With this dataset, I prepared 11 models and trained them on the training data then measured the mean squared error of their predicted values for the test set against the actual values for the test set. The models, grouped below be their overall class, were:

Ensemble methods:

*   Random Forest
*   Neural Network
*   Gradient Boosting
*   AdaBoost
*   ExtraTrees (EXTremely RAndomized Trees)

Regression:

*   Linear Regression
*   Ridge Regression
*   Elastic Net
*   Lasso

Support Vectors:

*   Support Vector
*   Linear Support Vector


![image.png](https://imgur.com/mZiDxqJ.png)

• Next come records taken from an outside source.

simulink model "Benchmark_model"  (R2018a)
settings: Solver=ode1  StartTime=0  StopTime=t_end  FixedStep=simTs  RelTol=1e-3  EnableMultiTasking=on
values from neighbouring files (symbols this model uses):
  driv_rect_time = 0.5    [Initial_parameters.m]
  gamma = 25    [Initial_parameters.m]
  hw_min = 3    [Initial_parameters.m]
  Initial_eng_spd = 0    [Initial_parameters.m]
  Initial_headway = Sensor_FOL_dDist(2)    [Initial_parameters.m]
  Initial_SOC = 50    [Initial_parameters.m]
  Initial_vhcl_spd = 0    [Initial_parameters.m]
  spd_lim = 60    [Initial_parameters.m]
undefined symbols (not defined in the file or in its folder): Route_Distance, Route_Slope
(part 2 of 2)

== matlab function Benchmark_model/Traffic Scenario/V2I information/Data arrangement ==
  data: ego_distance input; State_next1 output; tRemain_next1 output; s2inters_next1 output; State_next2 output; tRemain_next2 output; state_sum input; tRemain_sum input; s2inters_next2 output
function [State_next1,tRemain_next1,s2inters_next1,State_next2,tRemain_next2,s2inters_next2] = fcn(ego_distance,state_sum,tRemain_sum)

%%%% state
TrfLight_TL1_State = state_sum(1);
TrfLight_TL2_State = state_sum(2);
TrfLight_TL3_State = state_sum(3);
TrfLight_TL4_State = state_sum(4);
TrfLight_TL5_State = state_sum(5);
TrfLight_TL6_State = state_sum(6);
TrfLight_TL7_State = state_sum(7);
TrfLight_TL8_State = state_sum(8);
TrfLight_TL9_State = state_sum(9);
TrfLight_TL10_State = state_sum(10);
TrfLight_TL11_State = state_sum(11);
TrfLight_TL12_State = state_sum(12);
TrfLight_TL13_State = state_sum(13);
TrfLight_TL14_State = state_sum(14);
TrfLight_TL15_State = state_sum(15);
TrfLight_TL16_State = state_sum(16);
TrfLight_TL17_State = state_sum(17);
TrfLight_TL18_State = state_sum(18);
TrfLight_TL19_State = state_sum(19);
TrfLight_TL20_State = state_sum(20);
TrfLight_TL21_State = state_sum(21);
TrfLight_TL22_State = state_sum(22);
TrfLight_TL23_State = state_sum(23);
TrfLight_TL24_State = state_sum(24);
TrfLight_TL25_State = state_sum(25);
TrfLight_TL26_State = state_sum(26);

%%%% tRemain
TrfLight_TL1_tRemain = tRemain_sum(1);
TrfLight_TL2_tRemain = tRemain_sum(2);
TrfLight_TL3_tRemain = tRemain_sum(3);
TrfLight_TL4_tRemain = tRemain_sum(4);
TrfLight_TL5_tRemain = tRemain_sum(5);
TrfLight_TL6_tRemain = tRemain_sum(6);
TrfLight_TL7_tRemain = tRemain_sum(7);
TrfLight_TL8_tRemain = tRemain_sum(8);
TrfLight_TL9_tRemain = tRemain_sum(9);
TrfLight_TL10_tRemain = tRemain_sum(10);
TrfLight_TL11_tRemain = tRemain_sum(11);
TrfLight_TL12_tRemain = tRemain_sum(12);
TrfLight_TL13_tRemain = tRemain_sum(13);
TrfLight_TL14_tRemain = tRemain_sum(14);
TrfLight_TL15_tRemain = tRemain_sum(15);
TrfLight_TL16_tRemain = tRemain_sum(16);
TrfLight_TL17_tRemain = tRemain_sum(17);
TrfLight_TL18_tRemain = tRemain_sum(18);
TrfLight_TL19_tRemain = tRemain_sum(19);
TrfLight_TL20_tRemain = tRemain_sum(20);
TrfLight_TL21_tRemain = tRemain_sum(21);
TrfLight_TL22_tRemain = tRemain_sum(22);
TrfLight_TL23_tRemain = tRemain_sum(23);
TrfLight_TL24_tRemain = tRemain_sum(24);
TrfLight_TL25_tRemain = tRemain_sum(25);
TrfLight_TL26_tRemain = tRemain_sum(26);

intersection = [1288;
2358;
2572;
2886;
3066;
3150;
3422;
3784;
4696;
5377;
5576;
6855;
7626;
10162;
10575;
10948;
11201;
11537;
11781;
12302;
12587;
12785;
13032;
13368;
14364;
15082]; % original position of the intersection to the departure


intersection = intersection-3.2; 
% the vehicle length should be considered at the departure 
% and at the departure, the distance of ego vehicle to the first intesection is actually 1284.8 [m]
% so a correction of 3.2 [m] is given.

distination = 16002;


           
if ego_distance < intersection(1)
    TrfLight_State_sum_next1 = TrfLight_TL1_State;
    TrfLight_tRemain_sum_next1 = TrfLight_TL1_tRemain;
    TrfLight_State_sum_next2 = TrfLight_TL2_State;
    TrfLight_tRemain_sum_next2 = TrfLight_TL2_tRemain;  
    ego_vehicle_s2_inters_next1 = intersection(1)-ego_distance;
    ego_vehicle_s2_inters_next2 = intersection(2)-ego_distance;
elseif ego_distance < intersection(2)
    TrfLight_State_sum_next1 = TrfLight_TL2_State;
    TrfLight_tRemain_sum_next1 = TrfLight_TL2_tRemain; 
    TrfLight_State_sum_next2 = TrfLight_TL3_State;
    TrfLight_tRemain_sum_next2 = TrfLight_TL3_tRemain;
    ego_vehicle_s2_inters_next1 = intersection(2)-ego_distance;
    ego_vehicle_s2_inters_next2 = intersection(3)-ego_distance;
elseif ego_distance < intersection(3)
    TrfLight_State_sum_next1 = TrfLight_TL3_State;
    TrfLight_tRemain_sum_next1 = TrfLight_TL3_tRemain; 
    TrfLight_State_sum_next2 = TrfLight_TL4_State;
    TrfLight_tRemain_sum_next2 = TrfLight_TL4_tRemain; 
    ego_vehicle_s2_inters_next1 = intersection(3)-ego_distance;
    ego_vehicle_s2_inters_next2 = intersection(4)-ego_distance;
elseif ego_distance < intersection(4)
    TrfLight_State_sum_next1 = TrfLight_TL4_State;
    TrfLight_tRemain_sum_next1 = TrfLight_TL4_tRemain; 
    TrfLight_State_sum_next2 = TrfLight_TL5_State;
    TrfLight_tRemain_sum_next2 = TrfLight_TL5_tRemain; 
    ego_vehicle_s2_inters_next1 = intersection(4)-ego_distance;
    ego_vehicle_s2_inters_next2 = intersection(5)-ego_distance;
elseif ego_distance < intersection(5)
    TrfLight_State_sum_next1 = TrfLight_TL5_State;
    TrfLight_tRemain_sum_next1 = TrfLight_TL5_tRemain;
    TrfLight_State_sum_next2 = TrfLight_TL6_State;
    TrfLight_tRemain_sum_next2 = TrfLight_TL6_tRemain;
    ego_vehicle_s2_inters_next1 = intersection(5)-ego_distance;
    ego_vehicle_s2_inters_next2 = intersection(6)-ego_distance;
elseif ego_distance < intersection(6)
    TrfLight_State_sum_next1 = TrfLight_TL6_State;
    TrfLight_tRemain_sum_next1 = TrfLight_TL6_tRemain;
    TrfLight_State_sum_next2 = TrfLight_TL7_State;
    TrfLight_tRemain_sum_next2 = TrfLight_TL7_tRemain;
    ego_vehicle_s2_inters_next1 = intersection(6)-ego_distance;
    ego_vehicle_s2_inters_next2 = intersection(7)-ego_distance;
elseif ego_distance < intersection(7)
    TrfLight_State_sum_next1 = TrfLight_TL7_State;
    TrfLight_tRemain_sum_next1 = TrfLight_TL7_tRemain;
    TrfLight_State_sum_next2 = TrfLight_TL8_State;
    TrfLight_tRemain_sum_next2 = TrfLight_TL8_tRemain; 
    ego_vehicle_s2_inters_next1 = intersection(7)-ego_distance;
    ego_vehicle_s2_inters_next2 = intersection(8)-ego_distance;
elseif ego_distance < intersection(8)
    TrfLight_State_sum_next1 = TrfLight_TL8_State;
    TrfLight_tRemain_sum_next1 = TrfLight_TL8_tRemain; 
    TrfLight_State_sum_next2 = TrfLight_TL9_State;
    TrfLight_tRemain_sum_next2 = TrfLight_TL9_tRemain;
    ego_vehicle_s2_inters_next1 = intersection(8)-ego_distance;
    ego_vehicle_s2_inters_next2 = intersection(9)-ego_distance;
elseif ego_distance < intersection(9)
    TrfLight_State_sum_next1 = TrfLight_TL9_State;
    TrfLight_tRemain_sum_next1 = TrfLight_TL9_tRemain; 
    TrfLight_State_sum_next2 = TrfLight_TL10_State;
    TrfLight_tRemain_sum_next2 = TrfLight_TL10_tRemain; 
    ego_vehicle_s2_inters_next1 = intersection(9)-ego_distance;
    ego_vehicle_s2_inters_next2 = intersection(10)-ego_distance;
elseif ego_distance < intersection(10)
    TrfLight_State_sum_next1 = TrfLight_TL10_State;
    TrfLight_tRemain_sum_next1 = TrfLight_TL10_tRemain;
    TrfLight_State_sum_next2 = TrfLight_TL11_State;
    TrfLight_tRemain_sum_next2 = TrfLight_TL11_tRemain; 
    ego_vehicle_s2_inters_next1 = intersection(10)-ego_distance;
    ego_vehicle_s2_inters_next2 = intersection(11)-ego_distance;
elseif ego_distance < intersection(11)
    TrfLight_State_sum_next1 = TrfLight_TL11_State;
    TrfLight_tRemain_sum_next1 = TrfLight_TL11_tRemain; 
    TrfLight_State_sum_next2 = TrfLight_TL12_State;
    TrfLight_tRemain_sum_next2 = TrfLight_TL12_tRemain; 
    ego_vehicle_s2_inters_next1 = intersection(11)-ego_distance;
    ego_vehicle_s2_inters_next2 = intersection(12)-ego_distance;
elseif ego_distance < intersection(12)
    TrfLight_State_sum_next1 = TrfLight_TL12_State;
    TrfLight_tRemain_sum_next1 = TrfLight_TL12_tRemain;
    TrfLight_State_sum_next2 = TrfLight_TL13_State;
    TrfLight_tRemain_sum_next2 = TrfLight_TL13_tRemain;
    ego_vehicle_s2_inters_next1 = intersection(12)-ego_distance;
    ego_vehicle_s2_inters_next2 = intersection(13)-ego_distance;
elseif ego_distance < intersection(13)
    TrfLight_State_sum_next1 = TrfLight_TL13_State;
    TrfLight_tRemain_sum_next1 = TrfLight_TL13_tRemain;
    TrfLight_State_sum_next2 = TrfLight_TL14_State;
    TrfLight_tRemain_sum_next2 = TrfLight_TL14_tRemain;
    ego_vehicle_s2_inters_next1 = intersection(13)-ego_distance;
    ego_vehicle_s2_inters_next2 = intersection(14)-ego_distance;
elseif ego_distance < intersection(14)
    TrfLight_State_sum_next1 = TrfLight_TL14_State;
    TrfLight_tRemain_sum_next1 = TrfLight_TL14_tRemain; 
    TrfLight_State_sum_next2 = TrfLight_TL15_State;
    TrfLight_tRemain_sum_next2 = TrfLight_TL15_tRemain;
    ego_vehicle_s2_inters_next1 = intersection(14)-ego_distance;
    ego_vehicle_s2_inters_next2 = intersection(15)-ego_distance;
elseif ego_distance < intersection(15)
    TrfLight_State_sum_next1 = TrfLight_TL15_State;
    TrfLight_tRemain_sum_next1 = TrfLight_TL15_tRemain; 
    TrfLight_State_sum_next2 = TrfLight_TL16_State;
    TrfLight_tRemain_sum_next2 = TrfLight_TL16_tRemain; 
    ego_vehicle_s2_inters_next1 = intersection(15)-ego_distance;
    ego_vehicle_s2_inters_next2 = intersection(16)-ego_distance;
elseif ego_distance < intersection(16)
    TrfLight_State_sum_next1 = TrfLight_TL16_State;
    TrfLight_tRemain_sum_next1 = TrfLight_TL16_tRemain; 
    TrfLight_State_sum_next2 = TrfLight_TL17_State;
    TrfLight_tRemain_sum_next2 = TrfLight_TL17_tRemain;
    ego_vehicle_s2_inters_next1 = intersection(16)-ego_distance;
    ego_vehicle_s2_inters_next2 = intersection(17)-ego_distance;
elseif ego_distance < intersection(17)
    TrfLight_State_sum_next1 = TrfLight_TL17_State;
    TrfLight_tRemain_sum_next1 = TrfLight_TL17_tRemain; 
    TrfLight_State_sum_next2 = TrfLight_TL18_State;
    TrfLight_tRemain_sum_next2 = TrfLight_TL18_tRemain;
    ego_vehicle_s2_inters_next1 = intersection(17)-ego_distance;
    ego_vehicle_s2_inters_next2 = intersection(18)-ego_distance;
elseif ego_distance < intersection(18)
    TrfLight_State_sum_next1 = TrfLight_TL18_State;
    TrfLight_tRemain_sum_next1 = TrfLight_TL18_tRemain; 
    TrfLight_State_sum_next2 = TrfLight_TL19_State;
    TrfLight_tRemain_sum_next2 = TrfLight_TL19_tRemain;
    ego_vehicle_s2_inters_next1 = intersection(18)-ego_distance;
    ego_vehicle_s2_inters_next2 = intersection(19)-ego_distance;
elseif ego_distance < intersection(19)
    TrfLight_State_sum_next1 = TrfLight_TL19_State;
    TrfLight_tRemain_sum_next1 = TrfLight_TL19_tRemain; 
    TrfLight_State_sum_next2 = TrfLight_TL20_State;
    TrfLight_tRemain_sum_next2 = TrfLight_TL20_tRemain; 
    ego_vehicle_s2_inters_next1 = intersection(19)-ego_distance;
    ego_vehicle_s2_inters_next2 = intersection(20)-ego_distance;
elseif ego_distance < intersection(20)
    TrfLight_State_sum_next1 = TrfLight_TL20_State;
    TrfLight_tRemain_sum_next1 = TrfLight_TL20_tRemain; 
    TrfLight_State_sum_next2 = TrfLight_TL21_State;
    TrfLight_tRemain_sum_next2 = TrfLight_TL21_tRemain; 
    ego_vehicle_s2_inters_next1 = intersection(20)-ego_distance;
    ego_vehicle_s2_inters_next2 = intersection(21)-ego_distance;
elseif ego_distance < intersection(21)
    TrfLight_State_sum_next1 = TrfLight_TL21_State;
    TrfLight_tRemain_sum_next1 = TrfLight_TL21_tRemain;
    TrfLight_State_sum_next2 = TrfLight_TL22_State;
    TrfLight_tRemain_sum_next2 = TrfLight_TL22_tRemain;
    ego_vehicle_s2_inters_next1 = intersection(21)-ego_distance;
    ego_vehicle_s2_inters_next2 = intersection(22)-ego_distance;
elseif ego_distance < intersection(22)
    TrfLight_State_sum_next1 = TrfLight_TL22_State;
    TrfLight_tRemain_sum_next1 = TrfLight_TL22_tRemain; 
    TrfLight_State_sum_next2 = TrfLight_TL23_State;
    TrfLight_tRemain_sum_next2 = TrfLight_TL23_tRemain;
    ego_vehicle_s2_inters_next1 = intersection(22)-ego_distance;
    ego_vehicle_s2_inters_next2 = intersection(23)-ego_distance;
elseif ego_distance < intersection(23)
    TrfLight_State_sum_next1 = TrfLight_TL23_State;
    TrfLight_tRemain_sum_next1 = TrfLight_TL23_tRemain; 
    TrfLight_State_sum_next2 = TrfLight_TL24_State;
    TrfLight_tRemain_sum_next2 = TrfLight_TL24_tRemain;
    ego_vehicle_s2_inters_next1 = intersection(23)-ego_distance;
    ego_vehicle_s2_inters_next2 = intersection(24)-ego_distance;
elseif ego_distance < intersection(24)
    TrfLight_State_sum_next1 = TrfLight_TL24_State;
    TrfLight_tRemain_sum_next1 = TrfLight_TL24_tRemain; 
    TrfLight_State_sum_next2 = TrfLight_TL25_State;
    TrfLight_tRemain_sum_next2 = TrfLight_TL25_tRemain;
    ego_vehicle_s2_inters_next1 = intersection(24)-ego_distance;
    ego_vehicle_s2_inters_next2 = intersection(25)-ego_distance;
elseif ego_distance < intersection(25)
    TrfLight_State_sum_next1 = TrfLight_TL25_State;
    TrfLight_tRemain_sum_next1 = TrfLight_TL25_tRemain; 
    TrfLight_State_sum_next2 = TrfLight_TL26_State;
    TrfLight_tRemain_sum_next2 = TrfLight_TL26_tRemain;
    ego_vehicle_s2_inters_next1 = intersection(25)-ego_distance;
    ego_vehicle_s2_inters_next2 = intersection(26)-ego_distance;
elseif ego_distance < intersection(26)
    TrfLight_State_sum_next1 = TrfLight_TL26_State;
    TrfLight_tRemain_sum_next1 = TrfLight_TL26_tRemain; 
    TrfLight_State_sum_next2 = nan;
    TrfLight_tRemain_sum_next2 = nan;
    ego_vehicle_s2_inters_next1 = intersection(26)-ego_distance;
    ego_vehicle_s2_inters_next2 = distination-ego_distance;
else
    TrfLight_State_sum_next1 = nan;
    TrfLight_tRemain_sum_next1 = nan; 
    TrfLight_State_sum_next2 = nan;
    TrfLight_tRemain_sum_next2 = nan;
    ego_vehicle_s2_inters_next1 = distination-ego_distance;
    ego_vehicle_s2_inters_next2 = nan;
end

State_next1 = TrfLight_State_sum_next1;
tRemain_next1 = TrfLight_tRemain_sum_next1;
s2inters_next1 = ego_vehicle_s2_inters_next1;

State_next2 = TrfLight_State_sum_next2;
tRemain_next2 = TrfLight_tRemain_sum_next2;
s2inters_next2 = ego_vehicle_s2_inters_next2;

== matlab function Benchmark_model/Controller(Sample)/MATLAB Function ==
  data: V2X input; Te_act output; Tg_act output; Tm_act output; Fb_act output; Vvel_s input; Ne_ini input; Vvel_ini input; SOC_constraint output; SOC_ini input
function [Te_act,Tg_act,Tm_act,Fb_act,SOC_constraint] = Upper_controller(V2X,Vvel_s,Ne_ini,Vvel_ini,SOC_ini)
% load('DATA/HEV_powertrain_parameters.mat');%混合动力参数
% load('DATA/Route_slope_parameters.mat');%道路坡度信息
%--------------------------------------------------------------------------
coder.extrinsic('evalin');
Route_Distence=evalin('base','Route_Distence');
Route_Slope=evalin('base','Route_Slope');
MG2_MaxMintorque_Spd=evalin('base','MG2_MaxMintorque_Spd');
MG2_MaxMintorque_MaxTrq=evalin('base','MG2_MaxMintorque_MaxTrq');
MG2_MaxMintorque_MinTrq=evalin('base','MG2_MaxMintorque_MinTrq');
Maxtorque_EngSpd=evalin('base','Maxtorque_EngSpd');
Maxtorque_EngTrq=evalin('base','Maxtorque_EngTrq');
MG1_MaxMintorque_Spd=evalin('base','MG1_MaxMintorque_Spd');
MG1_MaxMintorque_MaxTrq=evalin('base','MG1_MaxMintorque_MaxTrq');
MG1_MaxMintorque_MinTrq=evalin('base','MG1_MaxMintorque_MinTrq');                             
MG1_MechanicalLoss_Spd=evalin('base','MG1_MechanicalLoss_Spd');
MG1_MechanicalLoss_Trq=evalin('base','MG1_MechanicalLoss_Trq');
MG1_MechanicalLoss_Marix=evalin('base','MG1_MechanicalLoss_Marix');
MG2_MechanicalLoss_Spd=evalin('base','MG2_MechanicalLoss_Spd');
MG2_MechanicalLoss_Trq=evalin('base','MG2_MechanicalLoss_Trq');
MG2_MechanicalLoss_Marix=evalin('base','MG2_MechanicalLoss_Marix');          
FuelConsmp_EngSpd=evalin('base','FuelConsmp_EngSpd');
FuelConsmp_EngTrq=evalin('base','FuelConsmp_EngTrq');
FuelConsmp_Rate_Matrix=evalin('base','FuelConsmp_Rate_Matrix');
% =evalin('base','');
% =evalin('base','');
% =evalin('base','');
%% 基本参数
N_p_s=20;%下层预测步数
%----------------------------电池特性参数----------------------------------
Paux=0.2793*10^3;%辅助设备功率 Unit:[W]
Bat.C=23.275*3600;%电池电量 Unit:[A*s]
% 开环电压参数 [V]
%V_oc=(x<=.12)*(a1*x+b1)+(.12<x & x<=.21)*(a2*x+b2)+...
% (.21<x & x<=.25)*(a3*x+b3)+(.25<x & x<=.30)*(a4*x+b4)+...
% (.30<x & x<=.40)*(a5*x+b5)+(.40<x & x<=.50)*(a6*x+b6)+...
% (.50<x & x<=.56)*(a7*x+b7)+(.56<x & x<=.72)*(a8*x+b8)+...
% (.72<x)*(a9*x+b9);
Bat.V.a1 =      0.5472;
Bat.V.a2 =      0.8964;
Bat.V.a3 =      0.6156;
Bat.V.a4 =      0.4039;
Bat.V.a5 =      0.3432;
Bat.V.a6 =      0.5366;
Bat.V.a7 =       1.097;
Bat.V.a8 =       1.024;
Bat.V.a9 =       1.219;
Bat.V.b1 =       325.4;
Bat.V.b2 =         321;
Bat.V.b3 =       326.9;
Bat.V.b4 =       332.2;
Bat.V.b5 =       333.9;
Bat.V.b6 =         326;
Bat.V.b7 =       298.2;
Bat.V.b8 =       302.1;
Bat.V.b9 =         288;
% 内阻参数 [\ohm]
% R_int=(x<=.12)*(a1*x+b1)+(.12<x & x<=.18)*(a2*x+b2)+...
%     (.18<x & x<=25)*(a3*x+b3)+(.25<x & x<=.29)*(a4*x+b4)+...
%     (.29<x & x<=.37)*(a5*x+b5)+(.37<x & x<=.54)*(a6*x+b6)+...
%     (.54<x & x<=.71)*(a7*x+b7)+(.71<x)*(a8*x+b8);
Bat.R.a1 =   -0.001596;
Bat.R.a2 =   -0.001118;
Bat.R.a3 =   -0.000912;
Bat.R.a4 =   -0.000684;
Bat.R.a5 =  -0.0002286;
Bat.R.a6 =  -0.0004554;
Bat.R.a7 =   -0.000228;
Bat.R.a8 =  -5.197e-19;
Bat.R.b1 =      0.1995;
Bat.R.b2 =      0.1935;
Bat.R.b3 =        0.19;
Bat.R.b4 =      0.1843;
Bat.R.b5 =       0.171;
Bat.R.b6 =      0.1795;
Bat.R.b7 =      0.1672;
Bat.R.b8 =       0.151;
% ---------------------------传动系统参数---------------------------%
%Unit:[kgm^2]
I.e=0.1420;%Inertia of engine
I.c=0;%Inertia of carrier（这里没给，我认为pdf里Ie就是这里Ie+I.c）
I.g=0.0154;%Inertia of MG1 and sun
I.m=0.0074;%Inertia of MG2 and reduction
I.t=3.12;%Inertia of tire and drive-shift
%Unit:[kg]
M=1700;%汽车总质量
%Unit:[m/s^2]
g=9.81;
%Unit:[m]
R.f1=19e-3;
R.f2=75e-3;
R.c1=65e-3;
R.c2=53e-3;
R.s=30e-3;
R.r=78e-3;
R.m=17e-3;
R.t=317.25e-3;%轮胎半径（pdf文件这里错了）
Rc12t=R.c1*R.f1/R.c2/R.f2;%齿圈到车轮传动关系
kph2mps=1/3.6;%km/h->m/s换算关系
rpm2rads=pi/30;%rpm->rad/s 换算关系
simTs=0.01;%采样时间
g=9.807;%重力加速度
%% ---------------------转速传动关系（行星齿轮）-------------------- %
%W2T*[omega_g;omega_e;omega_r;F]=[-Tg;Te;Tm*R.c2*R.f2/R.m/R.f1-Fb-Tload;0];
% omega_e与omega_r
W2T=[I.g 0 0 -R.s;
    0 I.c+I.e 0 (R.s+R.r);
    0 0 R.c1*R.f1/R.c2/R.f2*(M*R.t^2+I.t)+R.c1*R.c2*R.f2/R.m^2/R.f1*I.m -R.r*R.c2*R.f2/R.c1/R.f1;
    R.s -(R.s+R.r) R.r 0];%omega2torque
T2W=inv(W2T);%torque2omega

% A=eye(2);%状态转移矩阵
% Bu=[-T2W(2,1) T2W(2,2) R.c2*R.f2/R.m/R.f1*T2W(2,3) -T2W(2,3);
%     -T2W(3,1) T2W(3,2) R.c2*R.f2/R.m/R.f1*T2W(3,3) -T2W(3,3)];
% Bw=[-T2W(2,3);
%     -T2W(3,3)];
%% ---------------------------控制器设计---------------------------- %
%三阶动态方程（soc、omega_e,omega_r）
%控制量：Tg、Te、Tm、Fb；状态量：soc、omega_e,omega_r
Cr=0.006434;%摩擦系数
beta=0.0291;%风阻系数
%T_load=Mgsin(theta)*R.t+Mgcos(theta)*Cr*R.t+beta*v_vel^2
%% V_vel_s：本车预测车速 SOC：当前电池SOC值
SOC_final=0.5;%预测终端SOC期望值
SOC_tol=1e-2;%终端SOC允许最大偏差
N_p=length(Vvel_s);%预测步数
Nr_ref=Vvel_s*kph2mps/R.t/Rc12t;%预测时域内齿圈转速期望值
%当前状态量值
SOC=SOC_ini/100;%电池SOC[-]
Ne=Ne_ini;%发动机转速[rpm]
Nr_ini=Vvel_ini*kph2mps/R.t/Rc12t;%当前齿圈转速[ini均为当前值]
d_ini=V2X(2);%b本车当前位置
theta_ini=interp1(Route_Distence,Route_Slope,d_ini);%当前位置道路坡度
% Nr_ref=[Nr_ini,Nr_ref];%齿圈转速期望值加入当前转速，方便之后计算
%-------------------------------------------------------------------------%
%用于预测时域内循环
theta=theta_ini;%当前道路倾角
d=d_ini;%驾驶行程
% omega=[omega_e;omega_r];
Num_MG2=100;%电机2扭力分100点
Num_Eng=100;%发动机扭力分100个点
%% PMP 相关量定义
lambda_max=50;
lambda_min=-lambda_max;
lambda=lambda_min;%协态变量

This analysis shows that the best models are Random Forest and Gradient Boosting, and they are similar with no scaler and with the standard scaler. Below are the scatterplots of the true testing values and the predicted values for the Random Forest and Gradient Boosting models. 

The Random Forest had an $R^2$ value of 83% and Gradient Boosting had an $R^2$ of 81%.

![image.png](https://imgur.com/yea0WiV.png)

![image.png](https://imgur.com/YZV7kaT.png)

I also ran a voting regressor with these two models, but the MSE, $R^2$, and predicted value plot were nearly identical to the ones above since these two models perform so similarly.

Finally, I measured feature importance in the Random Forest model. The results are shown below.

![image.png](https://imgur.com/1RY9L4g.png)

![image.png](https://imgur.com/lrJCqPc.png)

It appears that the type of CME was the most important feature in predicting the speed of the CME, with the time between the CME and when its analysis was recorded also having a non-negligible impact.